ASSIGNED TASK
Repeat the data below in full. Pictures must not be part of the copy.

RECORD EXCERPTS
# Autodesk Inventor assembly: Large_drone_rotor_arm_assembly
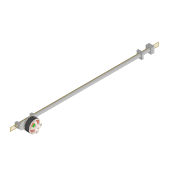
[picture p0: Inventor's stored thumbnail of the model, 180x180]
Saved by Autodesk Inventor 2022 (Build 260153000, 153)
## iProperties
Created: 2022-04-28
Part Number: Large_drone_rotor_arm_assembly
Document SubType Name: Assembly
Designer: dell
Mass: 208.262 g
Surface Area: 351.918 cm^2
Volume: 38.8265 cm^3
Density: 5.36391 g/cm^3
Author: dell
## Documents named in this file (8)
- D:\xxxx\Uni\Part IV\MECHENG_700\Part_IV_project_CAD\Bird_skeleton_prototypes\Wing_drone_V1\Large_drone_rotor_arm_assembly.iam
- D:\xxxx\Uni\Part IV\MECHENG_700\Part_IV_project_CAD\Bird_skeleton_prototypes\Wing_drone_V1\Tube_mount.ipt
- D:\xxxx\Uni\Part IV\MECHENG_700\Part_IV_project_CAD\Bird_skeleton_prototypes\Wing_drone_V1\Tube_adaptor.ipt
- D:\xxxx\Uni\Part IV\MECHENG_700\Part_IV_project_CAD\Bird_skeleton_prototypes\Wing_drone_V1\Tube_mount_centering.ipt
- D:\xxxx\Uni\Part IV\MECHENG_700\Part_IV_project_CAD\Bird_skeleton_prototypes\Wing_drone_V1\Tube_adaptor_2.ipt
- D:\xxxx\Uni\Part IV\MECHENG_700\Part_IV_project_CAD\Bird_skeleton_prototypes\Wing_drone_V1\CF_tube_12mm_large.ipt
- D:\xxxx\Uni\Part IV\MECHENG_700\Part_IV_project_CAD\Bird_skeleton_prototypes\Wing_drone_V1\Motor_mount_plate_large.ipt
- D:\xxxx\Uni\Part IV\MECHENG_700\Part_IV_project_CAD\Bird_skeleton_prototypes\Wing_drone_V1\MN4014\MN4014MotorAssembly.iam
## Components (11 placed, 7 different names)
1. Tube_mount:1 — Mate:24, Mate:36
2. Tube_mount:3 — Mate:24, Mate:35, Angle:7, Mate:37
3. Tube_adaptor:1 — Mate:43, Mate:45, Mate:47, Mate:48
4. Tube_adaptor:2 — Mate:42, Mate:44, Mate:46, Mate:52
5. Tube_mount_centering:1 — Mate:31, Mate:32, Angle:7
6. Tube_mount_centering:2 — Mate:33, Mate:34
7. Tube_adaptor_2:1 — Mate:40, Mate:41
8. Tube_adaptor_2:2 — Mate:38, Mate:39
9. CF_tube_12mm_large:1 — Mate:31, Mate:32, Mate:33, Mate:34, Mate:35, Mate:36, Mate:37, Mate:38, Mate:39, Mate:40, Mate:41, Mate:42, Mate:43, Mate:44, Mate:45, Mate:47
10. Motor_mount_plate_large:1 — Mate:46, Mate:48, Mate:49, Mate:50, Mate:51, Mate:52
11. MN4014MotorAssembly:2 [sub-assembly] — Mate:49, Mate:50, Mate:51
## Relationships (24: Mate 23, Angle 1)
- Mate:24: Tube_mount:1 ↔ Tube_mount:3
- Mate:31: Tube_mount_centering:1 ↔ CF_tube_12mm_large:1
- Mate:32: Tube_mount_centering:1 ↔ CF_tube_12mm_large:1
- Mate:33: Tube_mount_centering:2 ↔ CF_tube_12mm_large:1
- Mate:34: Tube_mount_centering:2 ↔ CF_tube_12mm_large:1
- Mate:35: Tube_mount:3 ↔ CF_tube_12mm_large:1
- Mate:36: Tube_mount:1 ↔ CF_tube_12mm_large:1
- Angle:7 (0 deg): Tube_mount:3 ↔ Tube_mount_centering:1
- Mate:37 (-43.5 mm): Tube_mount:3 ↔ CF_tube_12mm_large:1
- Mate:38: Tube_adaptor_2:2 ↔ CF_tube_12mm_large:1
- Mate:39: Tube_adaptor_2:2 ↔ CF_tube_12mm_large:1
- Mate:40: Tube_adaptor_2:1 ↔ CF_tube_12mm_large:1
- Mate:41: Tube_adaptor_2:1 ↔ CF_tube_12mm_large:1
- Mate:42: Tube_adaptor:2 ↔ CF_tube_12mm_large:1
- Mate:43: Tube_adaptor:1 ↔ CF_tube_12mm_large:1
- Mate:44: Tube_adaptor:2 ↔ CF_tube_12mm_large:1
- Mate:45: Tube_adaptor:1 ↔ CF_tube_12mm_large:1
- Mate:46: Tube_adaptor:2 ↔ Motor_mount_plate_large:1
- Mate:47: Tube_adaptor:1 ↔ CF_tube_12mm_large:1
- Mate:48: Tube_adaptor:1 ↔ Motor_mount_plate_large:1
- Mate:49: Motor_mount_plate_large:1 ↔ MN4014MotorAssembly:2
- Mate:50: Motor_mount_plate_large:1 ↔ MN4014MotorAssembly:2
- Mate:51: Motor_mount_plate_large:1 ↔ MN4014MotorAssembly:2
- Mate:52: Tube_adaptor:2 ↔ Motor_mount_plate_large:1

TASK RESULT
# Autodesk Inventor assembly: Large_drone_rotor_arm_assembly
[picture p0: Inventor's stored thumbnail of the model, 180x180]
Saved by Autodesk Inventor 2022 (Build 260153000, 153)
## iProperties
Created: 2022-04-28
Part Number: Large_drone_rotor_arm_assembly
Document SubType Name: Assembly
Designer: dell
Mass: 208.262 g
Surface Area: 351.918 cm^2
Volume: 38.8265 cm^3
Density: 5.36391 g/cm^3
Author: dell
## Documents named in this file (8)
- D:\xxxx\Uni\Part IV\MECHENG_700\Part_IV_project_CAD\Bird_skeleton_prototypes\Wing_drone_V1\Large_drone_rotor_arm_assembly.iam
- D:\xxxx\Uni\Part IV\MECHENG_700\Part_IV_project_CAD\Bird_skeleton_prototypes\Wing_drone_V1\Tube_mount.ipt
- D:\xxxx\Uni\Part IV\MECHENG_700\Part_IV_project_CAD\Bird_skeleton_prototypes\Wing_drone_V1\Tube_adaptor.ipt
- D:\xxxx\Uni\Part IV\MECHENG_700\Part_IV_project_CAD\Bird_skeleton_prototypes\Wing_drone_V1\Tube_mount_centering.ipt
- D:\xxxx\Uni\Part IV\MECHENG_700\Part_IV_project_CAD\Bird_skeleton_prototypes\Wing_drone_V1\Tube_adaptor_2.ipt
- D:\xxxx\Uni\Part IV\MECHENG_700\Part_IV_project_CAD\Bird_skeleton_prototypes\Wing_drone_V1\CF_tube_12mm_large.ipt
- D:\xxxx\Uni\Part IV\MECHENG_700\Part_IV_project_CAD\Bird_skeleton_prototypes\Wing_drone_V1\Motor_mount_plate_large.ipt
- D:\xxxx\Uni\Part IV\MECHENG_700\Part_IV_project_CAD\Bird_skeleton_prototypes\Wing_drone_V1\MN4014\MN4014MotorAssembly.iam
## Components (11 placed, 7 different names)
1. Tube_mount:1 — Mate:24, Mate:36
2. Tube_mount:3 — Mate:24, Mate:35, Angle:7, Mate:37
3. Tube_adaptor:1 — Mate:43, Mate:45, Mate:47, Mate:48
4. Tube_adaptor:2 — Mate:42, Mate:44, Mate:46, Mate:52
5. Tube_mount_centering:1 — Mate:31, Mate:32, Angle:7
6. Tube_mount_centering:2 — Mate:33, Mate:34
7. Tube_adaptor_2:1 — Mate:40, Mate:41
8. Tube_adaptor_2:2 — Mate:38, Mate:39
9. CF_tube_12mm_large:1 — Mate:31, Mate:32, Mate:33, Mate:34, Mate:35, Mate:36, Mate:37, Mate:38, Mate:39, Mate:40, Mate:41, Mate:42, Mate:43, Mate:44, Mate:45, Mate:47
10. Motor_mount_plate_large:1 — Mate:46, Mate:48, Mate:49, Mate:50, Mate:51, Mate:52
11. MN4014MotorAssembly:2 [sub-assembly] — Mate:49, Mate:50, Mate:51
## Relationships (24: Mate 23, Angle 1)
- Mate:24: Tube_mount:1 ↔ Tube_mount:3
- Mate:31: Tube_mount_centering:1 ↔ CF_tube_12mm_large:1
- Mate:32: Tube_mount_centering:1 ↔ CF_tube_12mm_large:1
- Mate:33: Tube_mount_centering:2 ↔ CF_tube_12mm_large:1
- Mate:34: Tube_mount_centering:2 ↔ CF_tube_12mm_large:1
- Mate:35: Tube_mount:3 ↔ CF_tube_12mm_large:1
- Mate:36: Tube_mount:1 ↔ CF_tube_12mm_large:1
- Angle:7 (0 deg): Tube_mount:3 ↔ Tube_mount_centering:1
- Mate:37 (-43.5 mm): Tube_mount:3 ↔ CF_tube_12mm_large:1
- Mate:38: Tube_adaptor_2:2 ↔ CF_tube_12mm_large:1
- Mate:39: Tube_adaptor_2:2 ↔ CF_tube_12mm_large:1
- Mate:40: Tube_adaptor_2:1 ↔ CF_tube_12mm_large:1
- Mate:41: Tube_adaptor_2:1 ↔ CF_tube_12mm_large:1
- Mate:42: Tube_adaptor:2 ↔ CF_tube_12mm_large:1
- Mate:43: Tube_adaptor:1 ↔ CF_tube_12mm_large:1
- Mate:44: Tube_adaptor:2 ↔ CF_tube_12mm_large:1
- Mate:45: Tube_adaptor:1 ↔ CF_tube_12mm_large:1
- Mate:46: Tube_adaptor:2 ↔ Motor_mount_plate_large:1
- Mate:47: Tube_adaptor:1 ↔ CF_tube_12mm_large:1
- Mate:48: Tube_adaptor:1 ↔ Motor_mount_plate_large:1
- Mate:49: Motor_mount_plate_large:1 ↔ MN4014MotorAssembly:2
- Mate:50: Motor_mount_plate_large:1 ↔ MN4014MotorAssembly:2
- Mate:51: Motor_mount_plate_large:1 ↔ MN4014MotorAssembly:2
- Mate:52: Tube_adaptor:2 ↔ Motor_mount_plate_large:1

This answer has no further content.